Un bon point de l’accord annoncé, est qu’il prévoit une révision annuelle conjointe du cadre, afin observer de près l’efficacité du « bouclier ».

Le point particulièrement faible est clairement qu’il ne serait a priori pas prévu d’exclure les données des Européens des données auxquelles les services de renseignement peuvent accéder, ou de limiter leur traitement. Les Européens devront simplement pouvoir contester une utilisation illégale de leurs données, s’ils arrivent à la démontrer.

EU-US Privacy Shield : le diable sera dans les détails à définir et à mettre en œuvre

L’annonce du « EU-US Privacy Shield » est un pas significatif dans la bonne direction. Il devrait évidemment être de meilleure qualité que « Safe Harbor 1 » qui constituait un cadre de façade, type « village de Potemkine ».

L’accord, tel que rapporté dans le communiqué de presse de l’UE, porte sur des fondations, des principes et des intentions. Sachant que dans ce domaine, le diable est dans les détails, la qualité de l’accord ne pourra être évaluée que sur des textes contraignants juridiques qui devraient être publiés le plus vite possible pour analyse. De même, il est indispensable de pouvoir vérifier quels sont les moyens qui seront mis en œuvre sur ces obligations.

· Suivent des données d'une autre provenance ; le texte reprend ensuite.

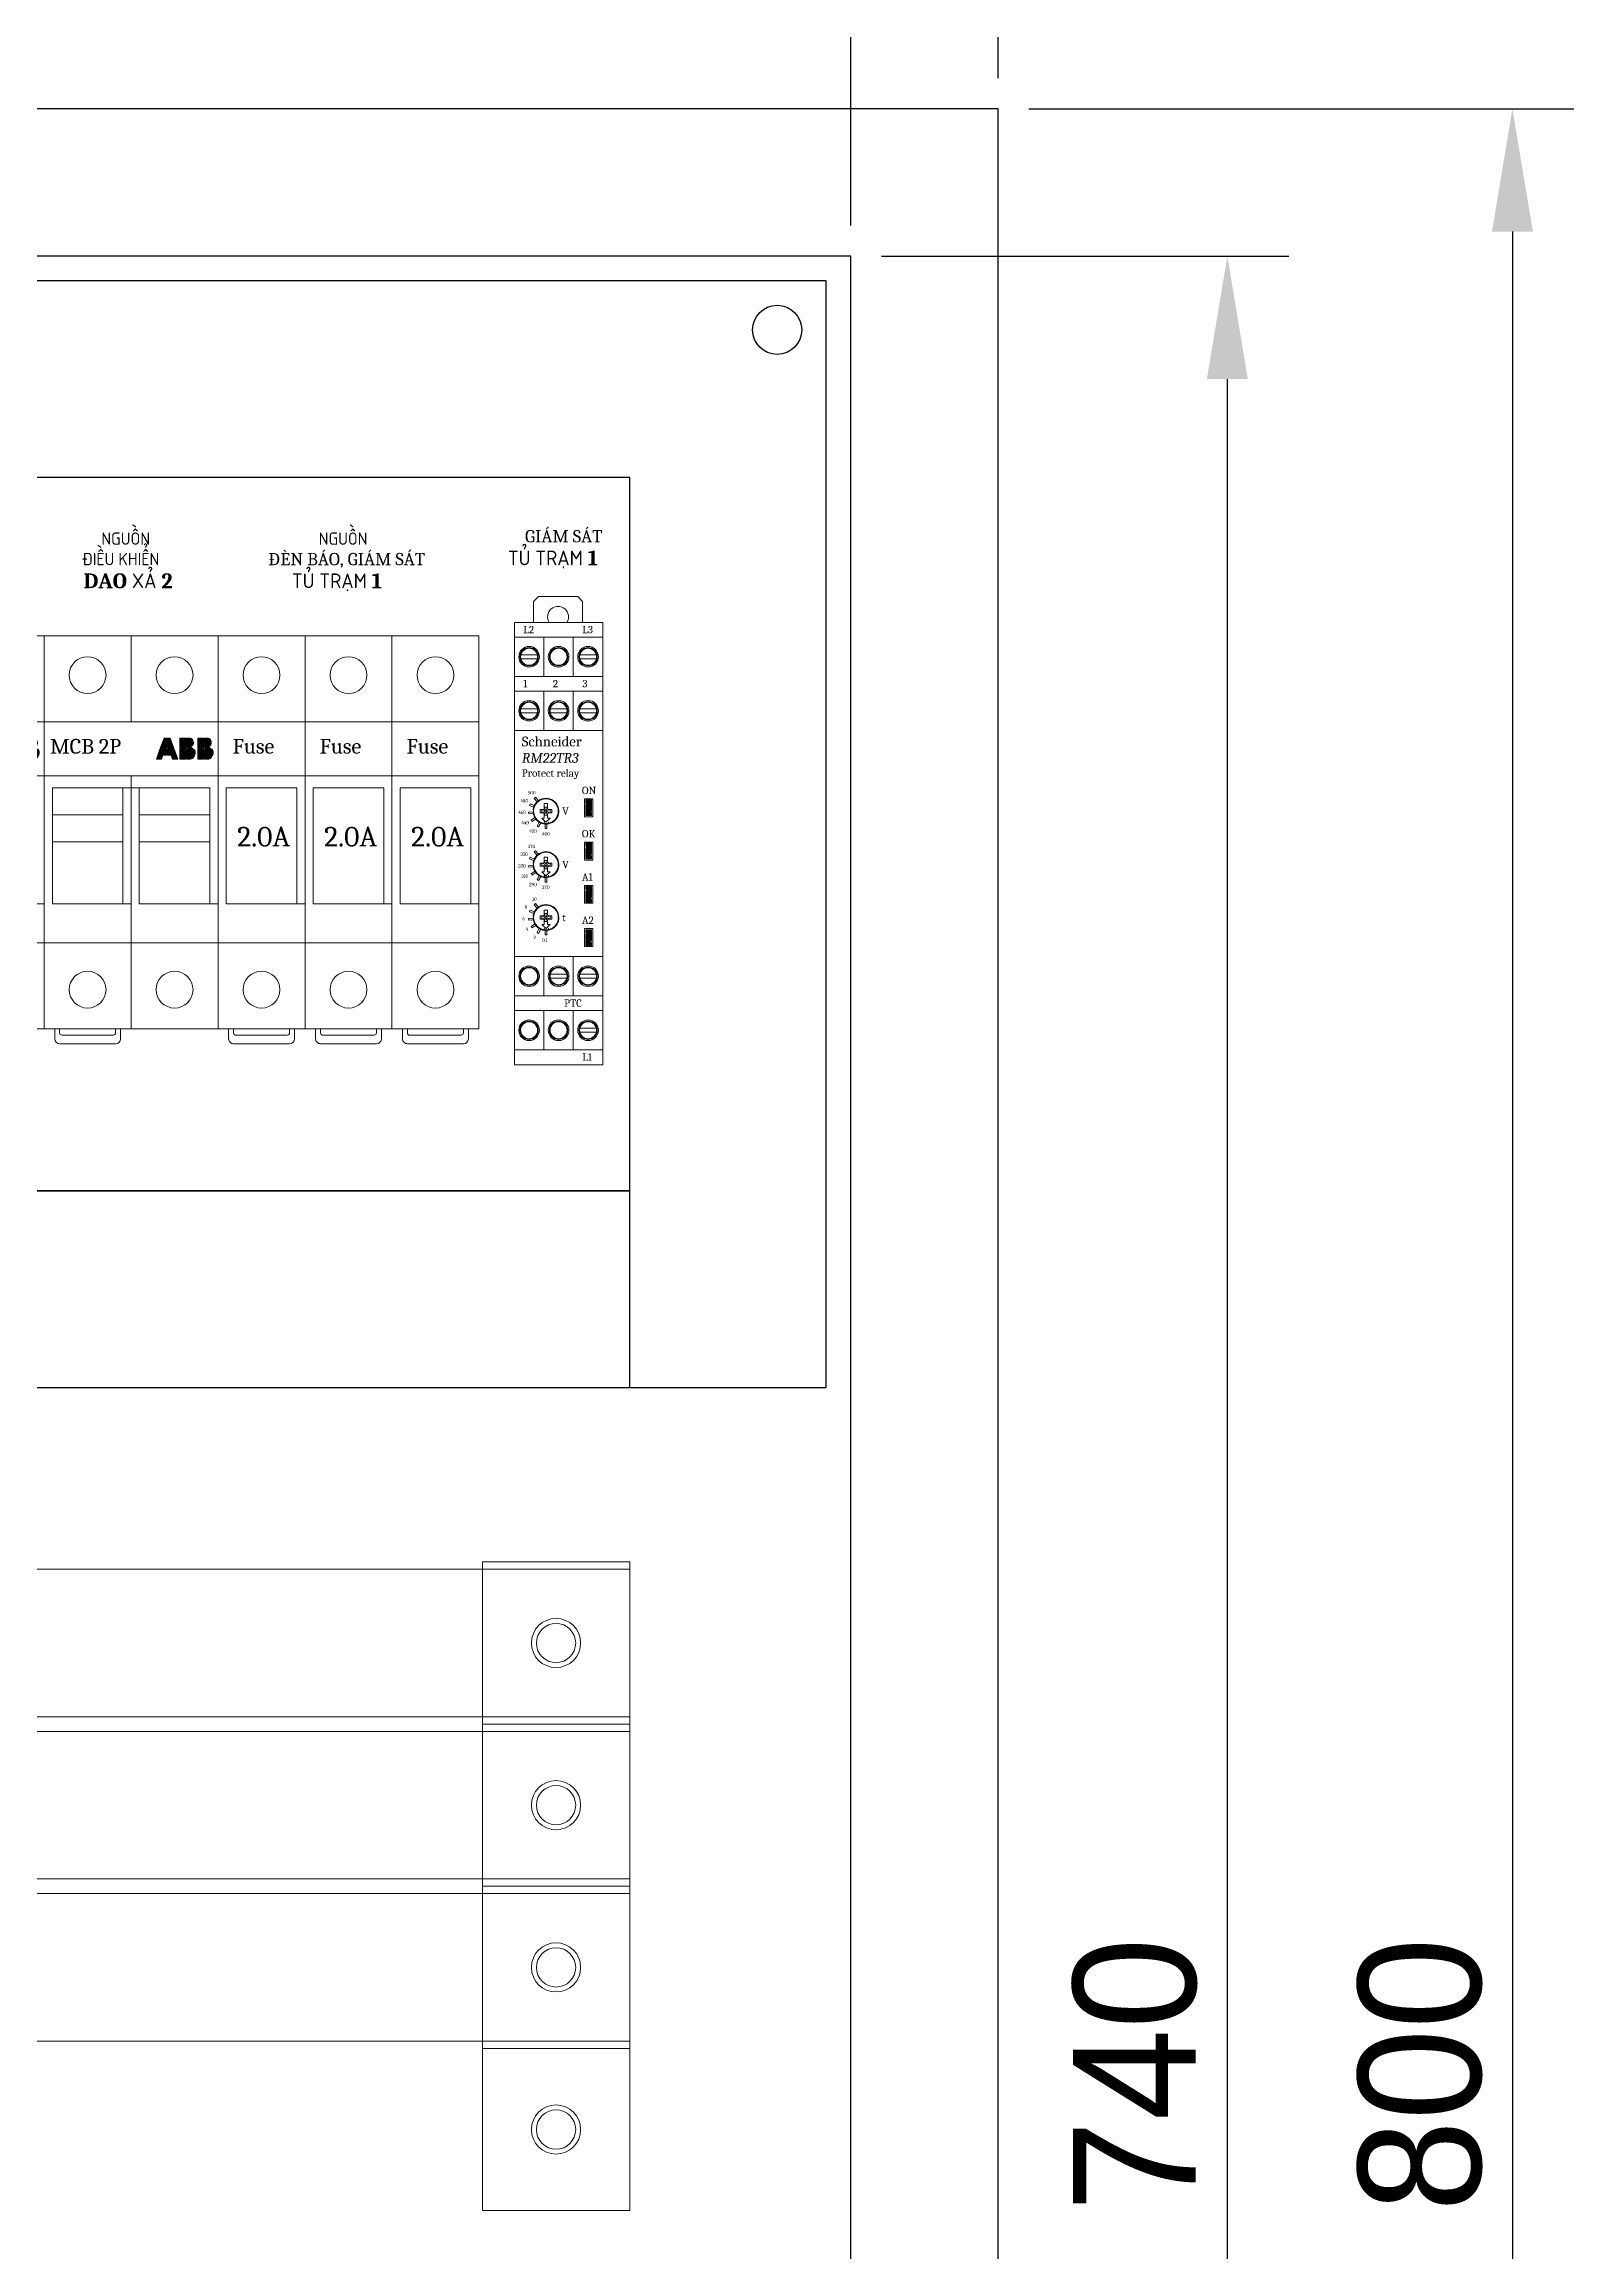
# Model space of a CAD drawing. Extents: x 223136 to 348136, y -32544 to -4064.
# Drawn here: x 258220.1 to 258531.4, y -8900.1 to -8450.9 of the extents above; entities that cross this region are included whole.
import ezdxf

# ---------------------------------------------------------------- set-up
doc = ezdxf.new("R2010")
doc.units = 0
doc.header["$LTSCALE"] = 20
doc.header["$MEASUREMENT"] = 0
for name, color, linetype, lineweight in [('busbar support', 7, 'Continuous', 13), ('EPLAN100', 7, 'Continuous', 25), ('Ghi Chu', 7, 'Continuous', 13), ('kich thuoc', 140, 'Continuous', 0)]:
    doc.layers.add(name, color=color, linetype=linetype, lineweight=lineweight)
doc.layers.add('PDF_Geometry', color=7, linetype='Continuous')
doc.layers.add('WirringDuct', color=130, linetype='Continuous')
doc.styles.add('Chu_10', font='Cambria.ttf', dxfattribs={"height": 10})
doc.dimstyles.get("Standard").update_dxf_attribs({"dimtxt": 0.18, "dimasz": 0.18, "dimexe": 0.18, "dimexo": 0.0625, "dimgap": 0.09, "dimtad": 0, "dimtih": 1, "dimtoh": 1, "dimdec": 4, "dimzin": 0, "dimdsep": 46, "dimtxsty": 'Standard', "dimcen": 0.09, "dimadec": 0, "dimazin": 0, "dimtfac": 1, "dimtdec": 4, "dimtofl": 0, "dimtmove": 0, "dimatfit": 3, "dimfxl": 0, "dimtolj": 1, "dimtzin": 0, "dimarcsym": 0})

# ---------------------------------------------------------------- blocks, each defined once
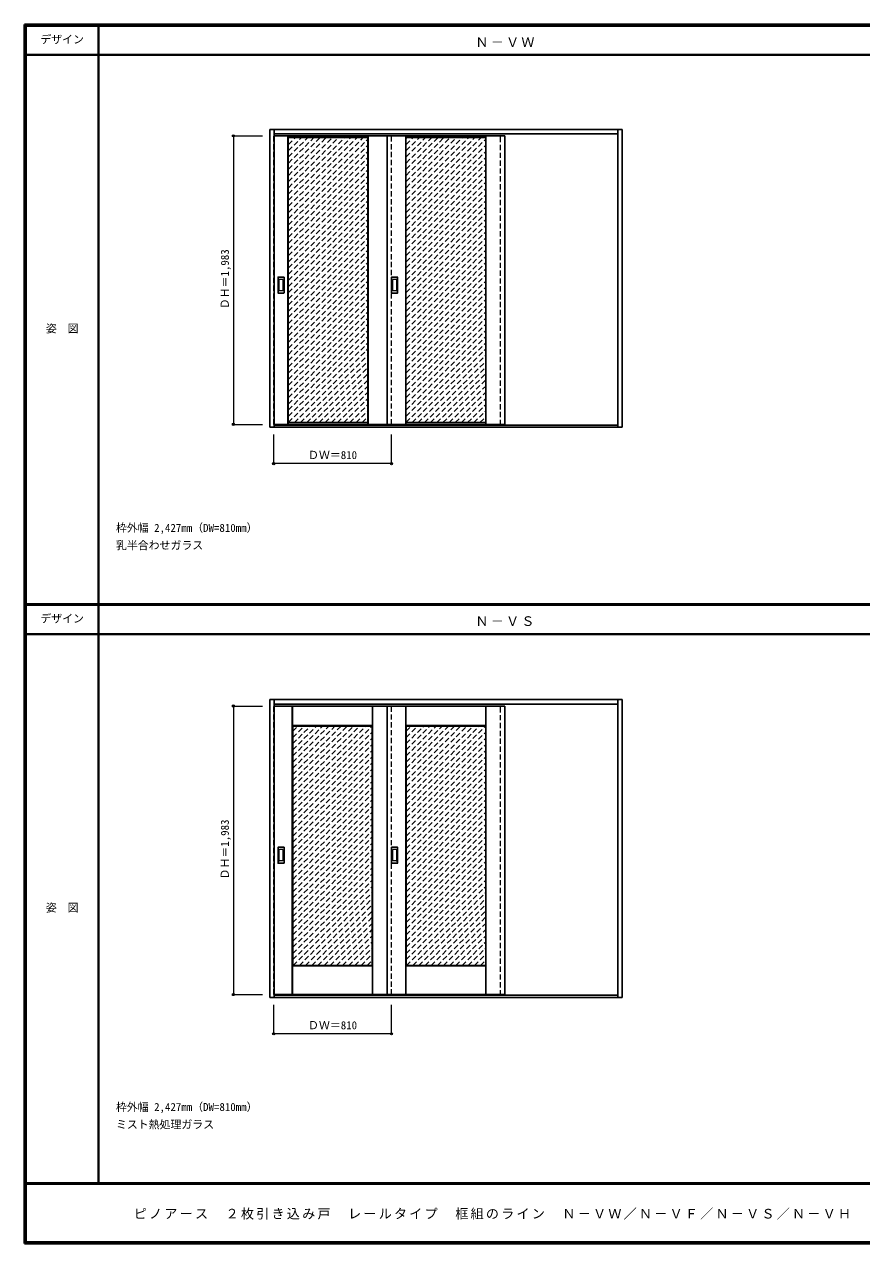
# Model space of a CAD drawing. Units: millimetres, scale not verified. Extents: x -6000 to 5700, y -4307 to 4175.
# Drawn here: x -6000 to -241, y -4205 to 4175 of the extents above; entities that cross this region are included whole.
import ezdxf
from ezdxf.enums import TextEntityAlignment as Align

# ---------------------------------------------------------------- set-up
doc = ezdxf.new("R2010")
doc.units = ezdxf.units.MM
doc.header["$LTSCALE"] = 30
doc.header["$PDMODE"] = 32
doc.header["$PDSIZE"] = 15
doc.linetypes.add('DASHED1', pattern=[1.8, 1.2, -0.6])
for name, color, linetype, lineweight in [('0-2_扉', 3, 'Continuous', 25), ('0-3_仕上げ', 7, 'Continuous', 18), ('0-4_枠', 3, 'Continuous', 25), ('0-6_引手', 3, 'Continuous', 25), ('0-B_寸法', 4, 'Continuous', 9), ('0-C_ハッチ', 4, 'DASHED1', 9), ('F-1_枠', 6, 'Continuous', 40)]:
    doc.layers.add(name, color=color, linetype=linetype, lineweight=lineweight)
doc.layers.add('0-A_文字', color=7, linetype='Continuous')
doc.layers.add('F-A_文字', color=7, linetype='Continuous')
doc.styles.add('ＭＳ ゴシック', font='')
doc.styles.get('ＭＳ ゴシック').set_extended_font_data('MS Gothic')

msp = doc.modelspace()

# ---------------------------------------------------------------- linework, layer by layer
at = {"layer": '0-2_扉'}
for p, q in [((-4282, 3409), (-2695, 3409)), ((-3505, 3409), (-3505, 1426)), ((-4282, -510.25), (-2695, -510.25)), ((-3505, -510.25), (-3505, -2493.25))]:
    msp.add_line(p, q, dxfattribs=at)
at = {"layer": '0-2_扉', "color": 4, "linetype": 'DASHED1', "lineweight": 9}
for p, q in [((-3475, 1426), (-3475, 3409)), ((-3475, -2493.25), (-3475, -510.25))]:
    msp.add_line(p, q, dxfattribs=at)
for points in [[(-4282, 1426), (-4285, 1426), (-4285, 3409), (-4282, 3409)], [(-4282, -2493.25), (-4285, -2493.25), (-4285, -510.25), (-4282, -510.25)]]:
    msp.add_lwpolyline(points, dxfattribs=at)
at = {"layer": '0-2_扉'}
for points in [[(-4282, 1426), (-2695, 1426), (-2695, 3409)], [(-4282, -2493.25), (-2695, -2493.25), (-2695, -510.25)]]:
    msp.add_lwpolyline(points, dxfattribs=at)
at = {"layer": '0-3_仕上げ'}
for p, q in [((-4187, 1426), (-4187, 3409)), ((-4183, 1426), (-4183, 3409)), ((-3637, 1426), (-3637, 3409)), ((-3633, 1426), (-3633, 3409)), ((-3377, 1426), (-3377, 3409)), ((-3373, 1426), (-3373, 3409)), ((-2827, 1426), (-2827, 3409)), ((-2823, 1426), (-2823, 3409)), ((-4157, -2493.25), (-4157, -510.25)), ((-4155.5, -645.75), (-4155.5, -510.25)), ((-4154, -644.25), (-4154, -510.25)), ((-3606, -644.25), (-3606, -510.25)), ((-3604.5, -645.75), (-3604.5, -510.25)), ((-3603, -2493.25), (-3603, -510.25)), ((-3377, -2493.25), (-3377, -510.25)), ((-3375.5, -645.75), (-3375.5, -510.25)), ((-3374, -644.25), (-3374, -510.25)), ((-2826, -644.25), (-2826, -510.25)), ((-2824.5, -645.75), (-2824.5, -510.25)), ((-2823, -2493.25), (-2823, -510.25)), ((-4154, -644.25), (-4155.5, -645.75)), ((-4153, -648.25), (-4155.5, -645.75)), ((-3606, -644.25), (-4154, -644.25)), ((-3604.5, -645.75), (-3607, -648.25)), ((-3606, -644.25), (-3604.5, -645.75)), ((-3374, -644.25), (-3375.5, -645.75)), ((-3373, -648.25), (-3375.5, -645.75)), ((-2826, -644.25), (-3374, -644.25)), ((-2824.5, -645.75), (-2827, -648.25)), ((-2826, -644.25), (-2824.5, -645.75)), ((-4155.5, -2493.25), (-4155.5, -2295.75)), ((-4154, -2493.25), (-4154, -2297.25)), ((-3607, -2293.25), (-3604.5, -2295.75)), ((-3606, -2297.25), (-3604.5, -2295.75)), ((-3604.5, -2493.25), (-3604.5, -2295.75)), ((-3375.5, -2493.25), (-3375.5, -2295.75)), ((-3374, -2493.25), (-3374, -2297.25)), ((-2827, -2293.25), (-2824.5, -2295.75)), ((-2826, -2297.25), (-2824.5, -2295.75)), ((-2824.5, -2493.25), (-2824.5, -2295.75))]:
    msp.add_line(p, q, dxfattribs=at)
at = {"layer": '0-3_仕上げ', "color": 3, "lineweight": 25}
for p, q in [((-3637, 3397), (-4183, 3397)), ((-2827, 3397), (-3373, 3397)), ((-4183, 1438), (-3637, 1438)), ((-3373, 1438), (-2827, 1438)), ((-4153, -2293.25), (-4153, -648.25)), ((-3607, -648.25), (-4153, -648.25)), ((-3607, -2293.25), (-3607, -648.25)), ((-3373, -2293.25), (-3373, -648.25)), ((-2827, -648.25), (-3373, -648.25)), ((-2827, -2293.25), (-2827, -648.25)), ((-3607, -2293.25), (-4153, -2293.25)), ((-2827, -2293.25), (-3373, -2293.25))]:
    msp.add_line(p, q, dxfattribs=at)
at = {"layer": '0-3_仕上げ'}
for points in [[(-3606, -2493.25), (-3606, -2297.25), (-4154, -2297.25), (-4155.5, -2295.75), (-4153, -2293.25)], [(-2826, -2493.25), (-2826, -2297.25), (-3374, -2297.25), (-3375.5, -2295.75), (-3373, -2293.25)]]:
    msp.add_lwpolyline(points, dxfattribs=at)
at = {"layer": '0-4_枠'}
for p, q in [((-4312, 1406), (-4312, 3453)), ((-4312, 3453), (-1888, 3453)), ((-4282, 1406), (-4282, 3453)), ((-1918, 1406), (-1918, 3453)), ((-1888, 1406), (-1888, 3453)), ((-4282, 3423), (-1918, 3423)), ((-1888, 1406), (-4312, 1406)), ((-1918, 1421), (-4282, 1421)), ((-4312, -2513.25), (-4312, -466.25)), ((-4312, -466.25), (-1888, -466.25)), ((-4282, -2513.25), (-4282, -466.25)), ((-4282, -496.25), (-1918, -496.25)), ((-1918, -2513.25), (-1918, -466.25)), ((-1888, -2513.25), (-1888, -466.25)), ((-1888, -2513.25), (-4312, -2513.25)), ((-1918, -2498.25), (-4282, -2498.25))]:
    msp.add_line(p, q, dxfattribs=at)
at = {"layer": '0-4_枠', "color": 4, "linetype": 'DASHED1', "lineweight": 9}
for p, q in [((-2725, 1421), (-2725, 3423)), ((-2695, 1421), (-2695, 3423)), ((-2725, -2498.25), (-2725, -496.25)), ((-2695, -2498.25), (-2695, -496.25))]:
    msp.add_line(p, q, dxfattribs=at)
at = {"layer": '0-6_引手'}
for p, q in [((-4255, 2330), (-4255, 2437)), ((-4214.5, 2438.5), (-4253.5, 2438.5)), ((-4213, 2437), (-4213, 2330)), ((-3475, 2330), (-3475, 2437)), ((-3434.5, 2438.5), (-3473.5, 2438.5)), ((-3433, 2437), (-3433, 2330)), ((-4214.5, 2328.5), (-4253.5, 2328.5)), ((-3434.5, 2328.5), (-3473.5, 2328.5)), ((-4255, -1589.25), (-4255, -1482.25)), ((-4214.5, -1480.75), (-4253.5, -1480.75)), ((-4213, -1482.25), (-4213, -1589.25)), ((-3475, -1589.25), (-3475, -1482.25)), ((-3434.5, -1480.75), (-3473.5, -1480.75)), ((-3433, -1482.25), (-3433, -1589.25)), ((-4214.5, -1590.75), (-4253.5, -1590.75)), ((-3434.5, -1590.75), (-3473.5, -1590.75))]:
    msp.add_line(p, q, dxfattribs=at)
at = {"layer": '0-6_引手', "color": 7, "lineweight": 18}
for p, q in [((-4246.5, 2346), (-4246.5, 2421)), ((-4223, 2422.5), (-4245, 2422.5)), ((-4221.5, 2421), (-4221.5, 2346)), ((-3466.5, 2346), (-3466.5, 2421)), ((-3443, 2422.5), (-3465, 2422.5)), ((-3441.5, 2421), (-3441.5, 2346)), ((-4223, 2344.5), (-4245, 2344.5)), ((-3443, 2344.5), (-3465, 2344.5)), ((-4246.5, -1573.25), (-4246.5, -1498.25)), ((-4223, -1496.75), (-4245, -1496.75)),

« Chat échaudé craint l’eau froide » : dans l’exercice de mise en œuvre des grands principes de Safe Harbor 2 qui s’annonce, les autorités européennes devraient s’entourent des meilleurs spécialistes juridiques et techniques nécessaires pour garantir les mesures suffisantes de protection du bien le plus cher, dans tous les sens du termes, de l’Union Européenne et du Marché Unique : les informations personnelles de ses citoyens. L’Europe a fait preuve d’une naïveté affligeante pendant des années : il s’agit de persévérer et de ne pas se laisser impressionner dans la révolution copernicienne démarrée. A défaut, de nouveaux recours en annulation seront lancés et dans quelques années, le processus redémarrera de zéro.

Trois types d’incertitudes

Le développement des relations économiques et sociales requiert un cadre juridique clair. Le monde économique a horreur de l’incertitude juridique.

En matière de protection des données, il fait aujourd’hui face à trois incertitudes.

4 années de débat : le Règlement général sur la protection des données.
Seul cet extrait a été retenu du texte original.